Avoid slow and disproportional rollouts. For example, once the test has been released to 10% traffic, do not reduce its size. Every time the change is made, significance and results will be recalibrated.
Make sure overlapping tests evaluate different product metrics. For example, you can focus on the volume of activity for measuring one test but look at the payment conversion for evaluating another. If multiple tests are tied to the same metric, you will have a hard time estimating which test and to what degree it contributes to the lift in your conversions.
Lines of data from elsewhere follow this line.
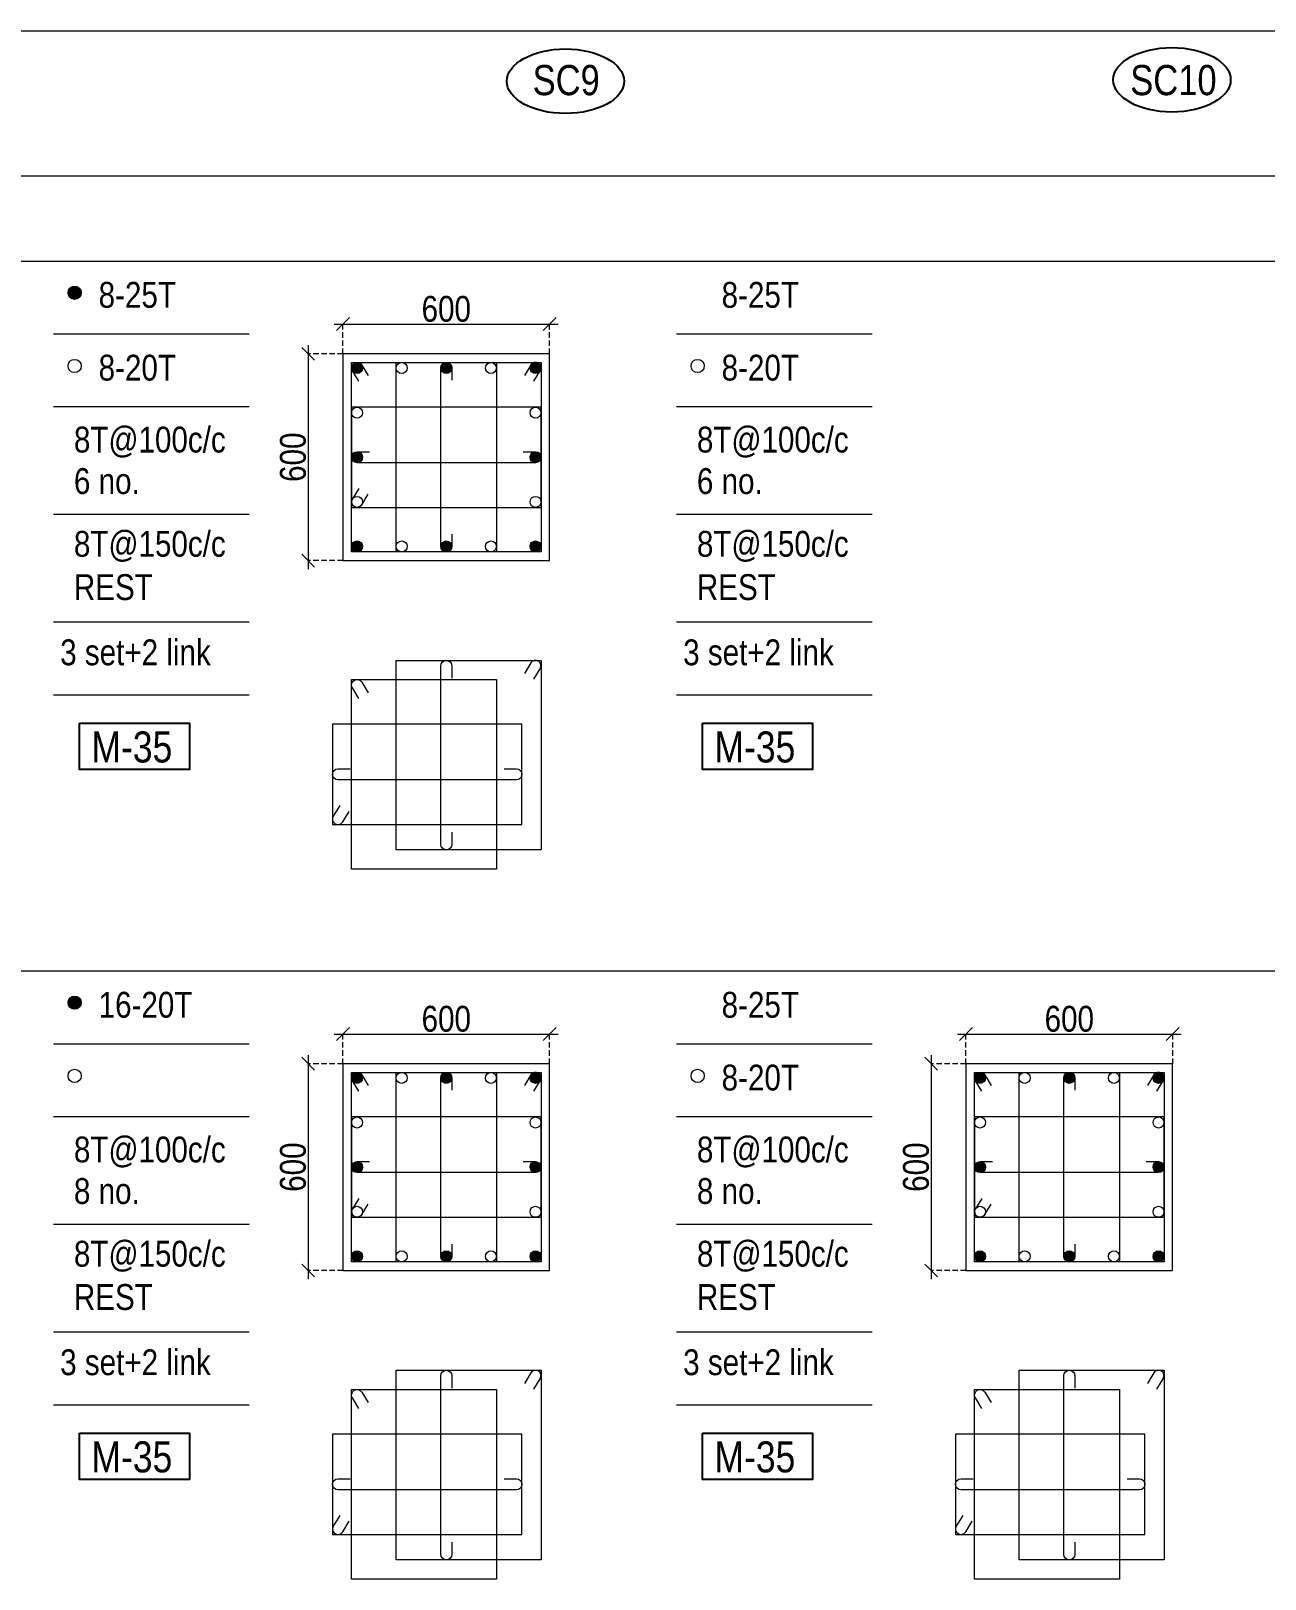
# Model space of a CAD drawing. Header units: millimetres. Extents: x 1112055 to 3390982, y -148532 to 766891.
# Drawn here: x 2139648 to 2153977, y -74171 to -56203 of the extents above; entities that cross this region are included whole.
import ezdxf
from ezdxf.enums import TextEntityAlignment as Align

# ---------------------------------------------------------------- set-up
doc = ezdxf.new("R2010")
doc.units = ezdxf.units.MM
doc.header["$PDMODE"] = 35
doc.header["$PDSIZE"] = -25
doc.linetypes.add('DASHED2', pattern=[0.375, 0.25, -0.125])
doc.linetypes.add('Hidden', pattern=[9.525, 6.35, -3.175])
for name, color, linetype, lineweight in [('B COL. SIZE DIM', 220, 'Continuous', 25), ('B COLSCH', 204, 'Continuous', 20), ('B COLUMN', 1, 'Hidden', 9), ('B STEEL', 34, 'Continuous', 15)]:
    doc.layers.add(name, color=color, linetype=linetype, lineweight=lineweight)
doc.layers.add('B TEXT', color=7, linetype='Continuous')
doc.styles.add('dim inside', font='romans.shx', dxfattribs={"width": 0.8, "height": 125})
doc.styles.add('SWINC', font='swissc.ttf')
doc.dimstyles.new('dim inside', dxfattribs={"dimtxt": 125, "dimasz": 100, "dimexe": 0, "dimexo": 0, "dimgap": 10, "dimtad": 0, "dimdec": 0, "dimzin": 0, "dimdsep": 46, "dimtxsty": 'dim inside', "dimblk": 'SMALL', "dimcen": 0.09, "dimadec": 0, "dimazin": 0, "dimtfac": 1, "dimtdec": 0, "dimtofl": 0, "dimtmove": 0, "dimatfit": 3, "dimfxl": 1, "dimtolj": 1, "dimtzin": 0, "dimarcsym": 2})

# ---------------------------------------------------------------- blocks, each defined once
blk = doc.blocks.new('_Oblique')
at = {"color": 0, "linetype": 'ByBlock', "lineweight": -2}
blk.add_line((-0.5, -0.5), (0.5, 0.5), dxfattribs=at)
blk = doc.blocks.new('*D4087')
at = {"layer": 'B COL. SIZE DIM', "color": 250, "lineweight": 9, "ltscale": 250, "transparency": 16777216}
blk.add_line((2143170, -67845), (2145770, -67845), dxfattribs=at)
at = {"layer": 'B COL. SIZE DIM', "color": 250, "linetype": 'DASHED2', "lineweight": 9, "ltscale": 250, "transparency": 16777216}
for p, q in [((2143270, -68190), (2143270, -67845)), ((2145670, -68190), (2145670, -67845))]:
    blk.add_line(p, q, dxfattribs=at)
at = {"layer": 'Defpoints', "color": 0, "transparency": 16777216}
for p in [(2145670, -67845), (2143270, -68190), (2145670, -68190)]:
    blk.add_point(p, dxfattribs=at)
at = {"layer": 'B COL. SIZE DIM', "color": 250, "lineweight": 9, "transparency": 16777216, "xscale": 150, "yscale": 150, "zscale": 150, "rotation": 180}
blk.add_blockref('_Oblique', (2143270, -67845), dxfattribs=at)
at = {"layer": 'B COL. SIZE DIM', "color": 250, "lineweight": 9, "transparency": 16777216, "xscale": 150, "yscale": 150, "zscale": 150}
blk.add_blockref('_Oblique', (2145670, -67845), dxfattribs=at)
at = {"layer": 'B COL. SIZE DIM', "color": 6, "transparency": 16777216, "insert": (2144470, -67670), "char_height": 300, "attachment_point": 5, "style": 'SWINC'}
blk.add_mtext('\\A1;600', dxfattribs=at)
blk = doc.blocks.new('*D4088')
at = {"layer": 'B COL. SIZE DIM', "color": 250, "lineweight": 9, "ltscale": 250, "transparency": 16777216}
blk.add_line((2142866, -68090), (2142866, -70690), dxfattribs=at)
at = {"layer": 'B COL. SIZE DIM', "color": 250, "linetype": 'DASHED2', "lineweight": 9, "ltscale": 250, "transparency": 16777216}
for p, q in [((2143270, -68190), (2142866, -68190)), ((2143270, -70590), (2142866, -70590))]:
    blk.add_line(p, q, dxfattribs=at)
at = {"layer": 'Defpoints', "color": 0, "transparency": 16777216}
for p in [(2143270, -68190), (2142866, -70590), (2143270, -70590)]:
    blk.add_point(p, dxfattribs=at)
at = {"layer": 'B COL. SIZE DIM', "color": 250, "lineweight": 9, "transparency": 16777216, "xscale": 150, "yscale": 150, "zscale": 150}
for p, rotation in [((2142866, -68190), 90), ((2142866, -70590), 270)]:
    blk.add_blockref('_Oblique', p, dxfattribs=dict(at, rotation=rotation))
at = {"layer": 'B COL. SIZE DIM', "color": 6, "transparency": 16777216, "insert": (2142691, -69390), "char_height": 300, "attachment_point": 5, "rotation": 90, "style": 'SWINC'}
blk.add_mtext('\\A1;600', dxfattribs=at)
blk = doc.blocks.new('*D4089')
at = {"layer": 'B COL. SIZE DIM', "color": 250, "lineweight": 9, "ltscale": 250, "transparency": 16777216}
blk.add_line((2143170, -59605), (2145770, -59605), dxfattribs=at)
at = {"layer": 'B COL. SIZE DIM', "color": 250, "linetype": 'DASHED2', "lineweight": 9, "ltscale": 250, "transparency": 16777216}
for p, q in [((2143270, -59950), (2143270, -59605)), ((2145670, -59950), (2145670, -59605))]:
    blk.add_line(p, q, dxfattribs=at)
at = {"layer": 'Defpoints', "color": 0, "transparency": 16777216}
for p in [(2145670, -59605), (2143270, -59950), (2145670, -59950)]:
    blk.add_point(p, dxfattribs=at)
at = {"layer": 'B COL. SIZE DIM', "color": 250, "lineweight": 9, "transparency": 16777216, "xscale": 150, "yscale": 150, "zscale": 150, "rotation": 180}
blk.add_blockref('_Oblique', (2143270, -59605), dxfattribs=at)
at = {"layer": 'B COL. SIZE DIM', "color": 250, "lineweight": 9, "transparency": 16777216, "xscale": 150, "yscale": 150, "zscale": 150}
blk.add_blockref('_Oblique', (2145670, -59605), dxfattribs=at)
at = {"layer": 'B COL. SIZE DIM', "color": 6, "transparency": 16777216, "insert": (2144470, -59430), "char_height": 300, "attachment_point": 5, "style": 'SWINC'}
blk.add_mtext('\\A1;600', dxfattribs=at)
blk = doc.blocks.new('*D4090')
at = {"layer": 'B COL. SIZE DIM', "color": 250, "lineweight": 9, "ltscale": 250, "transparency": 16777216}
blk.add_line((2142866, -59850), (2142866, -62450), dxfattribs=at)
at = {"layer": 'B COL. SIZE DIM', "color": 250, "linetype": 'DASHED2', "lineweight": 9, "ltscale": 250, "transparency": 16777216}
for p, q in [((2143270, -59950), (2142866, -59950)), ((2143270, -62350), (2142866, -62350))]:
    blk.add_line(p, q, dxfattribs=at)
at = {"layer": 'Defpoints', "color": 0, "transparency": 16777216}
for p in [(2143270, -59950), (2142866, -62350), (2143270, -62350)]:
    blk.add_point(p, dxfattribs=at)
at = {"layer": 'B COL. SIZE DIM', "color": 250, "lineweight": 9, "transparency": 16777216, "xscale": 150, "yscale": 150, "zscale": 150}
for p, rotation in [((2142866, -59950), 90), ((2142866, -62350), 270)]:
    blk.add_blockref('_Oblique', p, dxfattribs=dict(at, rotation=rotation))
at = {"layer": 'B COL. SIZE DIM', "color": 6, "transparency": 16777216, "insert": (2142691, -61150), "char_height": 300, "attachment_point": 5, "rotation": 90, "style": 'SWINC'}
blk.add_mtext('\\A1;600', dxfattribs=at)
blk = doc.blocks.new('*D3981')
at = {"layer": 'B COL. SIZE DIM', "color": 250, "lineweight": 9, "ltscale": 250, "transparency": 16777216}
blk.add_line((2150404, -67845), (2153004, -67845), dxfattribs=at)
at = {"layer": 'B COL. SIZE DIM', "color": 250, "linetype": 'DASHED2', "lineweight": 9, "ltscale": 250, "transparency": 16777216}
for p, q in [((2150504, -68190), (2150504, -67845)), ((2152904, -68190), (2152904, -67845))]:
    blk.add_line(p, q, dxfattribs=at)
at = {"layer": 'Defpoints', "color": 0, "transparency": 16777216}
for p in [(2152904, -67845), (2150504, -68190), (2152904, -68190)]:
    blk.add_point(p, dxfattribs=at)
at = {"layer": 'B COL. SIZE DIM', "color": 250, "lineweight": 9, "transparency": 16777216, "xscale": 150, "yscale": 150, "zscale": 150, "rotation": 180}
blk.add_blockref('_Oblique', (2150504, -67845), dxfattribs=at)
at = {"layer": 'B COL. SIZE DIM', "color": 250, "lineweight": 9, "transparency": 16777216, "xscale": 150, "yscale": 150, "zscale": 150}
blk.add_blockref('_Oblique', (2152904, -67845), dxfattribs=at)
at = {"layer": 'B COL. SIZE DIM', "color": 6, "transparency": 16777216, "insert": (2151704, -67670), "char_height": 300, "attachment_point": 5, "style": 'SWINC'}
blk.add_mtext('\\A1;600', dxfattribs=at)
blk = doc.blocks.new('*D3982')
at = {"layer": 'B COL. SIZE DIM', "color": 250, "lineweight": 9, "ltscale": 250, "transparency": 16777216}
blk.add_line((2150100, -68090), (2150100, -70690), dxfattribs=at)
at = {"layer": 'B COL. SIZE DIM', "color": 250, "linetype": 'DASHED2', "lineweight": 9, "ltscale": 250, "transparency": 16777216}
for p, q in [((2150504, -68190), (2150100, -68190)), ((2150504, -70590), (2150100, -70590))]:
    blk.add_line(p, q, dxfattribs=at)
at = {"layer": 'Defpoints', "color": 0, "transparency": 16777216}
for p in [(2150504, -68190), (2150100, -70590), (2150504, -70590)]:
    blk.add_point(p, dxfattribs=at)
at = {"layer": 'B COL. SIZE DIM', "color": 250, "lineweight": 9, "transparency": 16777216, "xscale": 150, "yscale": 150, "zscale": 150}
for p, rotation in [((2150100, -68190), 90), ((2150100, -70590), 270)]:
    blk.add_blockref('_Oblique', p, dxfattribs=dict(at, rotation=rotation))
at = {"layer": 'B COL. SIZE DIM', "color": 6, "transparency": 16777216, "insert": (2149925, -69390), "char_height": 300, "attachment_point": 5, "rotation": 90, "style": 'SWINC'}
blk.add_mtext('\\A1;600', dxfattribs=at)

msp = doc.modelspace()

# ---------------------------------------------------------------- hatches: boundary and pattern name
at = {"layer": 'B STEEL', "lineweight": 9, "ltscale": 0.5}
h = msp.add_hatch(color=34, dxfattribs=at)
edge = h.paths.add_edge_path()
edge.add_arc((2140155.1, -59241), 76.8, 0, 360)
h = msp.add_hatch(color=34, dxfattribs=at)
edge = h.paths.add_edge_path()
edge.add_arc((2143434.3, -60114.2), 64, 0, 360)
h = msp.add_hatch(color=34, dxfattribs=at)
edge = h.paths.add_edge_path()
edge.add_arc((2144470.2, -60114.2), 64, 180, 540, ccw=False)
h = msp.add_hatch(color=34, dxfattribs=at)
edge = h.paths.add_edge_path()
edge.add_arc((2145506.2, -60114.2), 64, 180, 540, ccw=False)
h = msp.add_hatch(color=34, dxfattribs=at)
edge = h.paths.add_edge_path()
edge.add_arc((2143434.3, -61150.1), 64, 180, 540, ccw=False)
h = msp.add_hatch(color=34, dxfattribs=at)
edge = h.paths.add_edge_path()
edge.add_arc((2145506.2, -61150.1), 64, 180, 540, ccw=False)
h = msp.add_hatch(color=34, dxfattribs=at)
edge = h.paths.add_edge_path()
edge.add_arc((2143434.3, -62186.1), 64, 0, 360, ccw=False)
h = msp.add_hatch(color=34, dxfattribs=at)
edge = h.paths.add_edge_path()
edge.add_arc((2144470.2, -62186.1), 64, 180, 540, ccw=False)
h = msp.add_hatch(color=34, dxfattribs=at)
edge = h.paths.add_edge_path()
edge.add_arc((2145506.2, -62186.1), 64, -180, 180)
h = msp.add_hatch(color=34, dxfattribs=at)
edge = h.paths.add_edge_path()
edge.add_arc((2140155.1, -67480.8), 76.8, 0, 360)
h = msp.add_hatch(color=34, dxfattribs=at)
edge = h.paths.add_edge_path()
edge.add_arc((2143434.3, -68354), 64, 0, 360)
h = msp.add_hatch(color=34, dxfattribs=at)
edge = h.paths.add_edge_path()
edge.add_arc((2144470.2, -68354), 64, 180, 540, ccw=False)
h = msp.add_hatch(color=34, dxfattribs=at)
edge = h.paths.add_edge_path()
edge.add_arc((2145506.2, -68354), 64, 180, 540, ccw=False)
h = msp.add_hatch(color=34, dxfattribs=at)
edge = h.paths.add_edge_path()
edge.add_arc((2150667.8, -68354), 64, 0, 360)
h = msp.add_hatch(color=34, dxfattribs=at)
edge = h.paths.add_edge_path()
edge.add_arc((2151703.8, -68354), 64, 180, 540, ccw=False)
h = msp.add_hatch(color=34, dxfattribs=at)
edge = h.paths.add_edge_path()
edge.add_arc((2152739.8, -68354), 64, 180, 540, ccw=False)
h = msp.add_hatch(color=34, dxfattribs=at)
edge = h.paths.add_edge_path()
edge.add_arc((2143434.3, -69390), 64, 180, 540, ccw=False)
h = msp.add_hatch(color=34, dxfattribs=at)
edge = h.paths.add_edge_path()
edge.add_arc((2145506.2, -69390), 64, 180, 540, ccw=False)
h = msp.add_hatch(color=34, dxfattribs=at)
edge = h.paths.add_edge_path()
edge.add_arc((2150667.8, -69390), 64, 180, 540, ccw=False)
h = msp.add_hatch(color=34, dxfattribs=at)
edge = h.paths.add_edge_path()
edge.add_arc((2152739.8, -69390), 64, 180, 540, ccw=False)
h = msp.add_hatch(color=34, dxfattribs=at)
edge = h.paths.add_edge_path()
edge.add_arc((2143434.3, -70426), 64, 0, 360, ccw=False)
h = msp.add_hatch(color=34, dxfattribs=at)
edge = h.paths.add_edge_path()
edge.add_arc((2144470.2, -70426), 64, 180, 540, ccw=False)
h = msp.add_hatch(color=34, dxfattribs=at)
edge = h.paths.add_edge_path()
edge.add_arc((2145506.2, -70426), 64, -180, 180)
h = msp.add_hatch(color=34, dxfattribs=at)
edge = h.paths.add_edge_path()
edge.add_arc((2150667.8, -70426), 64, 0, 360, ccw=False)
h = msp.add_hatch(color=34, dxfattribs=at)
edge = h.paths.add_edge_path()
edge.add_arc((2151703.8, -70426), 64, 180, 540, ccw=False)
h = msp.add_hatch(color=34, dxfattribs=at)
edge = h.paths.add_edge_path()
edge.add_arc((2152739.8, -70426), 64, -180, 180)

# ---------------------------------------------------------------- linework, layer by layer
at = {"layer": 'B COLSCH', "color": 250, "lineweight": 0}
for p, q in [((2079654.2, -56202.6), (2221752.2, -56202.6)), ((2079654.2, -56202.6), (2221752.2, -56202.6)), ((2079654.2, -56202.6), (2221752.2, -56202.6)), ((2079654.2, -57885.5), (2221752.2, -57885.5)), ((2079654.2, -58872.7), (2221752.2, -58872.7)), ((2139908.8, -59717.7), (2142183.2, -59717.7)), ((2147142.3, -59717.7), (2149416.7, -59717.7)), ((2139908.8, -60562.7), (2142183.2, -60562.7)), ((2147142.3, -60562.7), (2149416.7, -60562.7)), ((2139908.8, -61812.4), (2142183.2, -61812.4)), ((2147142.3, -61812.4), (2149416.7, -61812.4)), ((2139908.8, -63062.2), (2142183.2, -63062.2)), ((2147142.3, -63062.2), (2149416.7, -63062.2)), ((2139908.8, -63907.2), (2142183.2, -63907.2)), ((2147142.3, -63907.2), (2149416.7, -63907.2)), ((2079654.2, -67112.5), (2221752.2, -67112.5)), ((2139908.8, -67957.5), (2142183.2, -67957.5)), ((2147142.3, -67957.5), (2149416.7, -67957.5)), ((2139908.8, -68802.5), (2142183.2, -68802.5)), ((2147142.3, -68802.5), (2149416.7, -68802.5)), ((2139908.8, -70052.3), (2142183.2, -70052.3)), ((2147142.3, -70052.3), (2149416.7, -70052.3)), ((2139908.8, -71302.1), (2142183.2, -71302.1)), ((2147142.3, -71302.1), (2149416.7, -71302.1)), ((2139908.8, -72147), (2142183.2, -72147)), ((2147142.3, -72147), (2149416.7, -72147))]:
    msp.add_line(p, q, dxfattribs=at)
at = {"layer": 'B COLUMN', "color": 1, "linetype": 'ByBlock', "lineweight": 20}
for points in [[(2143270.2, -62350.1), (2145670.2, -62350.1), (2145670.2, -59950.1), (2143270.2, -59950.1)], [(2143270.2, -70590), (2145670.2, -70590), (2145670.2, -68190), (2143270.2, -68190)], [(2150503.8, -70590), (2152903.8, -70590), (2152903.8, -68190), (2150503.8, -68190)]]:
    msp.add_lwpolyline(points, close=True, dxfattribs=at)
at = {"layer": 'B STEEL', "color": 34, "lineweight": 9, "ltscale": 0.5}
for points in [[(2143454.5, -60269.2), (2143379.7, -60147.7, -1), (2143488.8, -60080.6), (2143563.6, -60202.1)], [(2144534.3, -62043.5), (2144534.3, -62186.1, -1), (2144406.2, -62186.1), (2144406.2, -60114.2, -1), (2144534.3, -60114.2), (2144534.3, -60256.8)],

When introducing a new change, run the test on a smaller sample for a longer period of time to eliminate the novelty or learning effect bias.
Run sanity checks. Control metrics and conversions should match with the Baseline. If they don’t, question the test setup. The results might be misleading.
Run spot checks. Pick a few users from Control and Variant samples and check them to ensure they are random, not overlapping with other tests, and are meeting the test requirements.
If the result is not what you expected, think of the potential bias - novelty effect, learning effect, network effect.
As you see, agile experimentation is the output of many factors. Supporting one test is a lot of work. Developing a framework for monitoring and analyzing 20-50 tests that run simultaneously with high result precision and confidence might not be doable for every company. And even if it is, after going through so many edge cases and tricky scenarios, I wouldn’t trust it very much.
With all of this, I’d like to wrap it up with my little personal and maybe not-popular opinion that A/B tests are overrated. In my practice, I have yet to see a test that drove significant user growth or had a noticeable revenue impact. Most of the tests are flat or slightly increase downstream conversions. But they take a lot of effort to get designed, launched, and analyzed. Product optimizations drive “easy-win” users that are likely to churn or abandon your product within a few months.
Introducing new features, experiences, and incentive programs have proven to be the most effective growth factor. I won’t say you shouldn’t test and optimize at all. But maybe not everything at once - take a slower pace and trust your analyst.
Thanks for reading, everyone. Until next Wednesday!